- [PROBLEM DETAILS]:
As the lines appear below, please set them down exactly, starting at the first and finishing with the one containing "axiClk = 156.25e6".

- [DATA LISTING]:
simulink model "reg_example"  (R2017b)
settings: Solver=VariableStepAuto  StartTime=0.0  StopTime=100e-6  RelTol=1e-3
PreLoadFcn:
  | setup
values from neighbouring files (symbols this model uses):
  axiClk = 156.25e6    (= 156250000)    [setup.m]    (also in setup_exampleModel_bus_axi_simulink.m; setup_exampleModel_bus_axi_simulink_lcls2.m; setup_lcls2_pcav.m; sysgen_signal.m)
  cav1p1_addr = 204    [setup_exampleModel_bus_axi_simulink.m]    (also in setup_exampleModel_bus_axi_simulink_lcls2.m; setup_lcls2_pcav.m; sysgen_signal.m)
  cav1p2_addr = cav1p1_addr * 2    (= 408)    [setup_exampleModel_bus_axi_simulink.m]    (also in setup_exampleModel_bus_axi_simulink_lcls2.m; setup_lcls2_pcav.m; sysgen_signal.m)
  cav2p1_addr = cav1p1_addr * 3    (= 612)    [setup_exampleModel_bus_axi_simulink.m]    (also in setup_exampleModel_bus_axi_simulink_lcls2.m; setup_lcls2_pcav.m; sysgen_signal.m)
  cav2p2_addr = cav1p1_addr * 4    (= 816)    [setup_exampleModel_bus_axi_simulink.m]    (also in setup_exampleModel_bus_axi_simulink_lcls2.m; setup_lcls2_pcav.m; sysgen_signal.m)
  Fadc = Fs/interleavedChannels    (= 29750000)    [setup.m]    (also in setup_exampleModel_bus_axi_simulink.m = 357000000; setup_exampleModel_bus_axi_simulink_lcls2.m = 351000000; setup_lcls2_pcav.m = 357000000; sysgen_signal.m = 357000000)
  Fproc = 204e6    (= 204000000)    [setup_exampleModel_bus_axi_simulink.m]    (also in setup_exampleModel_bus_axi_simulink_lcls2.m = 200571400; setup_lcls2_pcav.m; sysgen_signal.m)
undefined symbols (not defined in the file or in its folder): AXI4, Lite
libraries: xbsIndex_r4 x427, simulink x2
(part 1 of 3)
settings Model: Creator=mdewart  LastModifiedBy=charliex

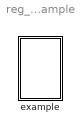
== system reg_example ==
  example : Subsystem

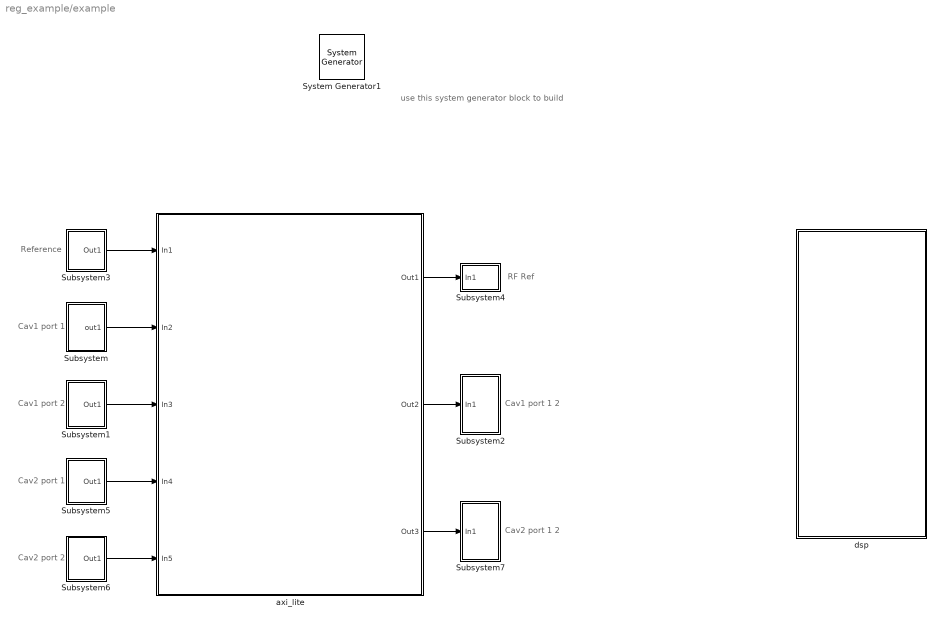
== system reg_example/example ==
  note: Cav1 port 1
  note: use this system generator block to build
  note: Cav1 port 2
  note: Cav1 port 1 2
  note: Reference
  note: RF Ref
  note: Cav2 port 1
  note: Cav2 port 2
  note: Cav2 port 1 2
  " System Generator1" : xbsIndex_r4/ System Generator  Tag=genX  xilinxfamily=kintexu  part=xcku040  speed=-2-e  package=ffva1156  synthesis_tool=Vivado  clock_wrapper=Clock Enables  directory=./netlist  proj_type=Vivado  Synth_file=Vivado Synthesis Defaults  Impl_file=Vivado Implementation Defaults  testbench=off  simulink_period=2/Fadc  sysclk_period=2e9/(Fadc)  dcm_input_clock_period=10  incr_netlist=off  trim_vbits=Everywhere in SubSystem  dbl_ovrd=According to Block Masks  core_generation=According to Block Masks  run_coregen=off  deprecated_control=off  eval_field=0  block_type=sysgen
  Subsystem : Subsystem
  Subsystem1 : Subsystem
  Subsystem2 : Subsystem
  Subsystem3 : Subsystem
  Subsystem4 : Subsystem
  Subsystem5 : Subsystem
  Subsystem6 : Subsystem
  Subsystem7 : Subsystem
  axi_lite : Subsystem
  dsp : Subsystem
  wires:
  Subsystem1/1(Out1) -> axi_lite/3(In3)
  Subsystem/1(out1) -> axi_lite/2(In2)
  Subsystem3/1(Out1) -> axi_lite/1(In1)
  axi_lite/2(Out2) -> Subsystem2/1(In1)
  axi_lite/1(Out1) -> Subsystem4/1(In1)
  Subsystem5/1(Out1) -> axi_lite/4(In4)
  Subsystem6/1(Out1) -> axi_lite/5(In5)
  axi_lite/3(Out3) -> Subsystem7/1(In1)

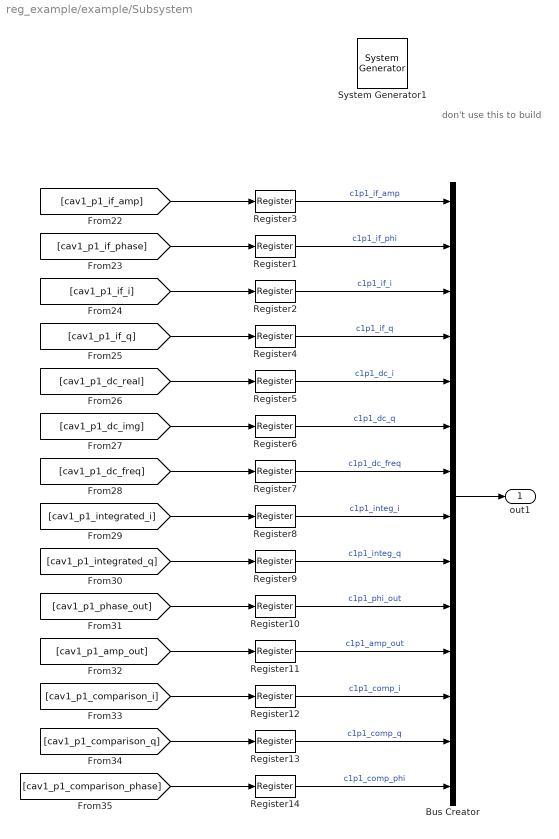
== system reg_example/example/Subsystem ==
  note: don't use this to build
  " System Generator1" : xbsIndex_r4/ System Generator  Tag=genX  xilinxfamily=kintexu  part=xcku040  speed=-2-e  package=ffva1156  synthesis_tool=Vivado  clock_wrapper=Clock Enables  directory=./netlist  proj_type=Vivado  Synth_file=Vivado Synthesis Defaults  Impl_file=Vivado Implementation Defaults  testbench=off  simulink_period=2/Fadc  sysclk_period=2e9/(Fadc)  dcm_input_clock_period=10  incr_netlist=off  trim_vbits=Everywhere in SubSystem  dbl_ovrd=According to Block Masks  core_generation=According to Block Masks  run_coregen=off  deprecated_control=off  eval_field=0  block_type=sysgen
  Bus Creator : BusCreator  Inputs=14
  Register{1..14} (14 alike) : xbsIndex_r4/Register  init=0  rst=off  en=off  dbl_ovrd=off  block_type=register
  out1 : Outport
  wires:
  Register1/1 -> Bus Creator/2  "c1p1_if_phi"
  Register9/1 -> Bus Creator/9  "c1p1_integ_q"
  Register14/1 -> Bus Creator/14  "c1p1_comp_phi"
  [cav1_p1_integrated_i] -> Register8/1
  [cav1_p1_phase_out] -> Register10/1
  Register10/1 -> Bus Creator/10  "c1p1_phi_out"
  [cav1_p1_amp_out] -> Register11/1
  Register2/1 -> Bus Creator/3  "c1p1_if_i"
  Register4/1 -> Bus Creator/4  "c1p1_if_q"
  Register6/1 -> Bus Creator/6  "c1p1_dc_q"
  Register11/1 -> Bus Creator/11  "c1p1_amp_out"
  [cav1_p1_dc_img] -> Register6/1
  Register7/1 -> Bus Creator/7  "c1p1_dc_freq"
  Register8/1 -> Bus Creator/8  "c1p1_integ_i"
  [cav1_p1_if_amp] -> Register3/1
  [cav1_p1_if_phase] -> Register1/1
  [cav1_p1_if_i] -> Register2/1
  [cav1_p1_if_q] -> Register4/1
  [cav1_p1_dc_real] -> Register5/1
  [cav1_p1_integrated_q] -> Register9/1
  [cav1_p1_dc_freq] -> Register7/1
  [cav1_p1_comparison_phase] -> Register14/1
  [cav1_p1_comparison_i] -> Register12/1
  [cav1_p1_comparison_q] -> Register13/1
  Register3/1 -> Bus Creator/1  "c1p1_if_amp"
  Register5/1 -> Bus Creator/5  "c1p1_dc_i"
  Register12/1 -> Bus Creator/12  "c1p1_comp_i"
  Register13/1 -> Bus Creator/13  "c1p1_comp_q"
  Bus Creator/1 -> out1/1

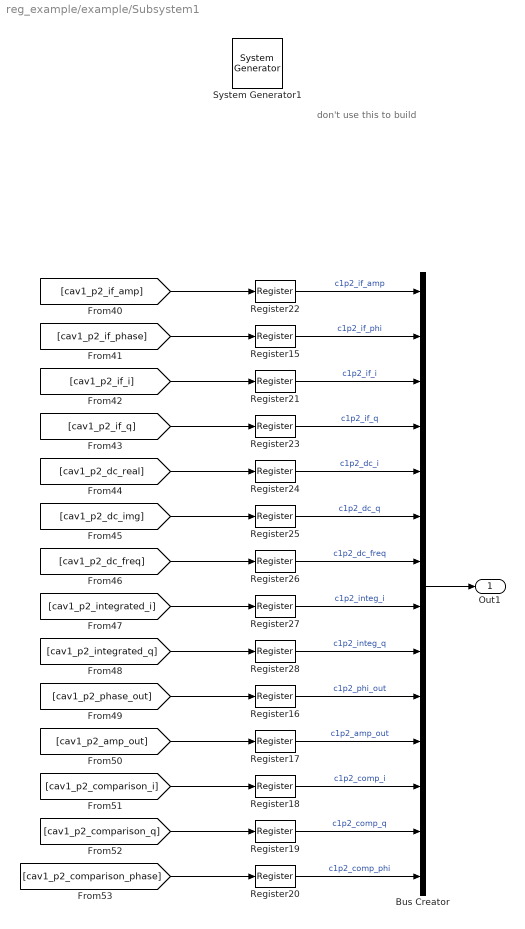
== system reg_example/example/Subsystem1 ==
  note: don't use this to build
  " System Generator1" : xbsIndex_r4/ System Generator  Tag=genX  xilinxfamily=kintexu  part=xcku040  speed=-2-e  package=ffva1156  synthesis_tool=Vivado  clock_wrapper=Clock Enables  directory=./netlist  proj_type=Vivado  Synth_file=Vivado Synthesis Defaults  Impl_file=Vivado Implementation Defaults  testbench=off  simulink_period=2/Fadc  sysclk_period=2e9/(Fadc)  dcm_input_clock_period=10  incr_netlist=off  trim_vbits=Everywhere in SubSystem  dbl_ovrd=According to Block Masks  core_generation=According to Block Masks  run_coregen=off  deprecated_control=off  eval_field=0  block_type=sysgen
  Bus Creator : BusCreator  Inputs=14
  Register{15..28} (14 alike) : xbsIndex_r4/Register  init=0  rst=off  en=off  dbl_ovrd=off  block_type=register
  Out1 : Outport
  wires:
  [cav1_p2_if_i] -> Register21/1
  Register22/1 -> Bus Creator/1  "c1p2_if_amp"
  [cav1_p2_if_q] -> Register23/1
  [cav1_p2_comparison_i] -> Register18/1
  Register23/1 -> Bus Creator/4  "c1p2_if_q"
  Register21/1 -> Bus Creator/3  "c1p2_if_i"
  Register24/1 -> Bus Creator/5  "c1p2_dc_i"
  [cav1_p2_phase_out] -> Register16/1
  [cav1_p2_integrated_i] -> Register27/1
  [cav1_p2_amp_out] -> Register17/1
  [cav1_p2_comparison_phase] -> Register20/1
  Register28/1 -> Bus Creator/9  "c1p2_integ_q"
  [cav1_p2_dc_real] -> Register24/1
  Register16/1 -> Bus Creator/10  "c1p2_phi_out"
  Register26/1 -> Bus Creator/7  "c1p2_dc_freq"
  Register15/1 -> Bus Creator/2  "c1p2_if_phi"
  [cav1_p2_dc_freq] -> Register26/1
  Register20/1 -> Bus Creator/14  "c1p2_comp_phi"
  Register17/1 -> Bus Creator/11  "c1p2_amp_out"
  Register27/1 -> Bus Creator/8  "c1p2_integ_i"
  Register18/1 -> Bus Creator/12  "c1p2_comp_i"
  [cav1_p2_if_phase] -> Register15/1
  Register19/1 -> Bus Creator/13  "c1p2_comp_q"
  [cav1_p2_dc_img] -> Register25/1
  [cav1_p2_integrated_q] -> Register28/1
  [cav1_p2_if_amp] -> Register22/1
  [cav1_p2_comparison_q] -> Register19/1
  Register25/1 -> Bus Creator/6  "c1p2_dc_q"
  Bus Creator/1 -> Out1/1

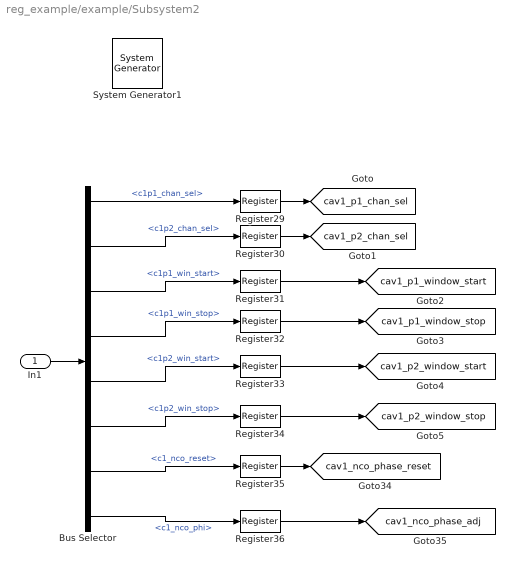
== system reg_example/example/Subsystem2 ==
  In1 : Inport
  " System Generator1" : xbsIndex_r4/ System Generator  Tag=genX  xilinxfamily=kintexu  part=xcku040  speed=-2-e  package=ffva1156  synthesis_tool=Vivado  clock_wrapper=Clock Enables  directory=./netlist  proj_type=Vivado  Synth_file=Vivado Synthesis Defaults  Impl_file=Vivado Implementation Defaults  testbench=off  simulink_period=2/Fadc  sysclk_period=2e9/(Fadc)  dcm_input_clock_period=10  incr_netlist=off  trim_vbits=Everywhere in SubSystem  dbl_ovrd=According to Block Masks  core_generation=According to Block Masks  run_coregen=off  deprecated_control=off  eval_field=0  block_type=sysgen
  Bus Selector : BusSelector  OutputSignals=c1p1_chan_sel,c1p2_chan_sel,c1p1_win_start,c1p1_win_stop,c1p2_win_start,c1p2_win_stop,c1_nco_reset,c1_nco_phi
  Register{29..36} (8 alike) : xbsIndex_r4/Register  init=0  rst=off  en=off  dbl_ovrd=off  block_type=register
  tag scope: cav1_nco_phase_adj=global, cav1_nco_phase_reset=global, cav1_p1_chan_sel=global, cav1_p1_window_start=global, cav1_p1_window_stop=global, cav1_p2_chan_sel=global, cav1_p2_window_start=global, cav1_p2_window_stop=global
  wires:
  Register30/1 -> [cav1_p2_chan_sel]
  Register34/1 -> [cav1_p2_window_stop]
  Register35/1 -> [cav1_nco_phase_reset]
  Register29/1 -> [cav1_p1_chan_sel]
  Register32/1 -> [cav1_p1_window_stop]
  Register36/1 -> [cav1_nco_phase_adj]
  Register33/1 -> [cav1_p2_window_start]
  Register31/1 -> [cav1_p1_window_start]
  In1/1 -> Bus Selector/1
  Bus Selector/1 -> Register29/1  "<c1p1_chan_sel>"
  Bus Selector/2 -> Register30/1  "<c1p2_chan_sel>"
  Bus Selector/3 -> Register31/1  "<c1p1_win_start>"
  Bus Selector/4 -> Register32/1  "<c1p1_win_stop>"
  Bus Selector/5 -> Register33/1  "<c1p2_win_start>"
  Bus Selector/6 -> Register34/1  "<c1p2_win_stop>"
  Bus Selector/7 -> Register35/1  "<c1_nco_reset>"
  Bus Selector/8 -> Register36/1  "<c1_nco_phi>"

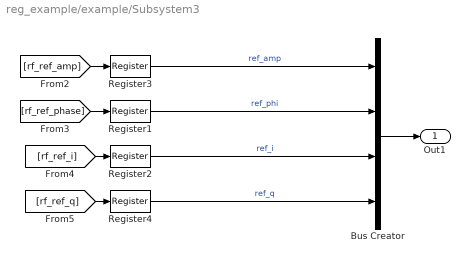
== system reg_example/example/Subsystem3 ==
  Bus Creator : BusCreator  Inputs=4
  Register{1..4} (4 alike) : xbsIndex_r4/Register  init=0  rst=off  en=off  dbl_ovrd=off  block_type=register
  Out1 : Outport
  wires:
  Register4/1 -> Bus Creator/4  "ref_q"
  Register2/1 -> Bus Creator/3  "ref_i"
  [rf_ref_phase] -> Register1/1
  [rf_ref_i] -> Register2/1
  [rf_ref_amp] -> Register3/1
  Register3/1 -> Bus Creator/1  "ref_amp"
  Register1/1 -> Bus Creator/2  "ref_phi"
  [rf_ref_q] -> Register4/1
  Bus Creator/1 -> Out1/1

== system reg_example/example/Subsystem4 ==
  In1 : Inport
  " System Generator1" : xbsIndex_r4/ System Generator  Tag=genX  xilinxfamily=kintexu  part=xcku040  speed=-2-e  package=ffva1156  synthesis_tool=Vivado  clock_wrapper=Clock Enables  directory=./netlist  proj_type=Vivado  Synth_file=Vivado Synthesis Defaults  Impl_file=Vivado Implementation Defaults  testbench=off  simulink_period=2/Fadc  sysclk_period=2e9/(Fadc)  dcm_input_clock_period=10  incr_netlist=off  trim_vbits=Everywhere in SubSystem  dbl_ovrd=According to Block Masks  core_generation=According to Block Masks  run_coregen=off  deprecated_control=off  eval_field=0  block_type=sysgen
  Bus Selector : BusSelector  OutputSignals=ref_win_start,ref_win_stop,ref_chan_sel
  Register1 : xbsIndex_r4/Register  init=0  rst=off  en=off  dbl_ovrd=off  block_type=register
  Register2 : xbsIndex_r4/Register  init=0  rst=off  en=off  dbl_ovrd=off  block_type=register
  Register29 : xbsIndex_r4/Register  init=0  rst=off  en=off  dbl_ovrd=off  block_type=register
  tag scope: ref_window_start=global, ref_window_stop=global, rf_ref_chan_sel=global
  wires:
  Register29/1 -> [ref_window_start]
  Register1/1 -> [ref_window_stop]
  Register2/1 -> [rf_ref_chan_sel]
  In1/1 -> Bus Selector/1
  Bus Selector/1 -> Register29/1  "<ref_win_start>"
  Bus Selector/2 -> Register1/1  "<ref_win_stop>"
  Bus Selector/3 -> Register2/1  "<ref_chan_sel>"

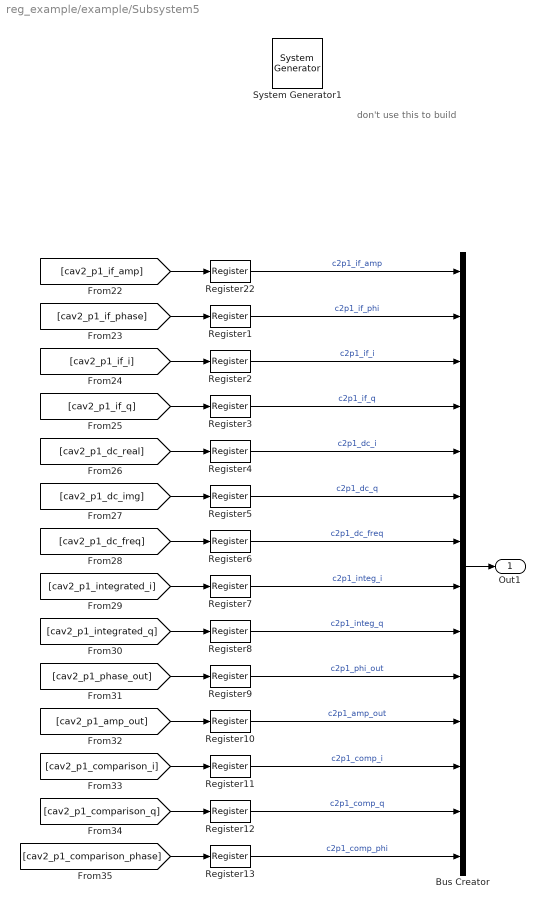
== system reg_example/example/Subsystem5 ==
  note: don't use this to build
  " System Generator1" : xbsIndex_r4/ System Generator  Tag=genX  xilinxfamily=kintexu  part=xcku040  speed=-2-e  package=ffva1156  synthesis_tool=Vivado  clock_wrapper=Clock Enables  directory=./netlist  proj_type=Vivado  Synth_file=Vivado Synthesis Defaults  Impl_file=Vivado Implementation Defaults  testbench=off  simulink_period=2/Fadc  sysclk_period=2e9/(Fadc)  dcm_input_clock_period=10  incr_netlist=off  trim_vbits=Everywhere in SubSystem  dbl_ovrd=According to Block Masks  core_generation=According to Block Masks  run_coregen=off  deprecated_control=off  eval_field=0  block_type=sysgen
  Bus Creator : BusCreator  Inputs=14
  Register{1..13,22} (14 alike) : xbsIndex_r4/Register  init=0  rst=off  en=off  dbl_ovrd=off  block_type=register
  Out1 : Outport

- [ANSWER]:
simulink model "reg_example"  (R2017b)
settings: Solver=VariableStepAuto  StartTime=0.0  StopTime=100e-6  RelTol=1e-3
PreLoadFcn:
  | setup
values from neighbouring files (symbols this model uses):
  axiClk = 156.25e6    (= 156250000)    [setup.m]    (also in setup_exampleModel_bus_axi_simulink.m; setup_exampleModel_bus_axi_simulink_lcls2.m; setup_lcls2_pcav.m; sysgen_signal.m)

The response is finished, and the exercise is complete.